GR 177720; (February, 2009) (Digest)
G.R. No. 177720 February 18, 2009
ELISEO R. FRANCISCO, JR., Petitioner, vs. PEOPLE OF THE PHILIPPINES, Respondent.
FACTS
Petitioner Eliseo Francisco, Jr., an employee of Bankard, Inc. (a credit card company), was charged with Estafa under Article 315, paragraph 2(a) of the Revised Penal Code. As the Acquiring Chargeback Supervisor, his task included converting transaction reports from Equitable Computer Services, Inc. (Equicom) from ARJ Text Format to Amipro Format. An investigation revealed that fictitious reversals of charges, totaling ₱663,144.56 and ₱18,430.21, were credited to his Solidbank Mastercard and AIG Visa accounts, respectively. These credits appeared in Equicom’s original reports but were deleted (replaced with zero) in the converted reports Francisco handled. No original purchase transactions existed on his cards to justify such reversals. As a result, Bankard paid Solidbank the ₱663,144.56 during interbank settlements and was unable to recover the ₱18,430.21. The Regional Trial Court convicted Francisco. The Court of Appeals affirmed the conviction but modified the penalty.
ISSUE
Whether the Court of Appeals erred in affirming the conviction despite the alleged absence of an element of Estafa under Article 315(2)(a), specifically that the offended party (Bankard) relied on or was induced by the false pretense or fraudulent means employed by the petitioner.
RULING
The Supreme Court affirmed the Court of Appeals’ decision. It held that the third element of Estafa under Article 315(2)(a) — that the offended party relied on the false pretense, fraudulent act, or fraudulent means — does not require that the fraudulent means be intentionally directed at the offended party.
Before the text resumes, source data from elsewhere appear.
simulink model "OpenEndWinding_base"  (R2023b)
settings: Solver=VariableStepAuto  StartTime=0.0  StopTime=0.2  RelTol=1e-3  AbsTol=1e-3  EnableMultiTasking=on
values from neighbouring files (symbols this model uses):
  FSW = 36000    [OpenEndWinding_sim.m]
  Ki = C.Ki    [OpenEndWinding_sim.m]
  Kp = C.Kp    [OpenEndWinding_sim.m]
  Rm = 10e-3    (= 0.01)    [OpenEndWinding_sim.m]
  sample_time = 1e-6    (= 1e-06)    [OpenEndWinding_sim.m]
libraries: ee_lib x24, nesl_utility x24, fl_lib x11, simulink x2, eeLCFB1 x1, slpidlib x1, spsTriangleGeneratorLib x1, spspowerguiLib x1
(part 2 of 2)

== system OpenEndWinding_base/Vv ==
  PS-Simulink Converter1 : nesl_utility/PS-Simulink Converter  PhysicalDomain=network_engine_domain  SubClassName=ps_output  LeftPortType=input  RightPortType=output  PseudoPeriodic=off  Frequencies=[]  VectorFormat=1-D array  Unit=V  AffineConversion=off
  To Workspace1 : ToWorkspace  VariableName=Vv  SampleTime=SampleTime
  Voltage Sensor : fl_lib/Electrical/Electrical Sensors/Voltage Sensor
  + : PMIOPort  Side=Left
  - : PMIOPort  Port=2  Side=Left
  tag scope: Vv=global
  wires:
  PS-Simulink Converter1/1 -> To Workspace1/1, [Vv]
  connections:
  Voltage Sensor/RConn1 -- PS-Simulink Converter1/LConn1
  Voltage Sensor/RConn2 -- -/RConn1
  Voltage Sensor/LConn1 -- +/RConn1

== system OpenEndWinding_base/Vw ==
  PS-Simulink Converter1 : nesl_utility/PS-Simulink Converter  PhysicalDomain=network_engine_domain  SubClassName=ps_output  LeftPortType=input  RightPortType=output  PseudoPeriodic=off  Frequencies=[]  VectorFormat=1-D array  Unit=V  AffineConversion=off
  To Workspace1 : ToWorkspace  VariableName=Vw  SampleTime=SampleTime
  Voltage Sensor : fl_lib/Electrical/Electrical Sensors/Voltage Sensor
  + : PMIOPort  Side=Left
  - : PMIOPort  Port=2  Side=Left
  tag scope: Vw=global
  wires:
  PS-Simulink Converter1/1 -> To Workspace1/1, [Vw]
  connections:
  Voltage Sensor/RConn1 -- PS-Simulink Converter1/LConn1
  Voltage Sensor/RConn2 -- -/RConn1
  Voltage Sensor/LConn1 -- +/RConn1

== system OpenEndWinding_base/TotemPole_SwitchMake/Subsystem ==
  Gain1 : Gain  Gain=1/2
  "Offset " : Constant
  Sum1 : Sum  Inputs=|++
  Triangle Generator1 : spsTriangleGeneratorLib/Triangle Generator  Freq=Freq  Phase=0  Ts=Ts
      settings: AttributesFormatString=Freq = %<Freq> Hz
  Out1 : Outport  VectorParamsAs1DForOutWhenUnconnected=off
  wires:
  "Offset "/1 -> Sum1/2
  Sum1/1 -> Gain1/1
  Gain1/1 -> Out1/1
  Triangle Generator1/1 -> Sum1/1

The Court ruled that a person is criminally liable for estafa if the offended party relies on the fraudulent means and suffers damage, even if the deceit was not aimed at that party. In this case, Francisco’s fraudulent manipulation of reports caused Bankard to rely on the fictitious credits and suffer financial damage by paying Solidbank and being unable to recover the funds. The Court also found no merit in Francisco’s other arguments, including his claim that Bankard was not the damaged party, noting that the information sufficiently alleged the elements of the crime and that Bankard, as the acquirer of the receivables, suffered the loss. The penalty imposed by the Court of Appeals was upheld.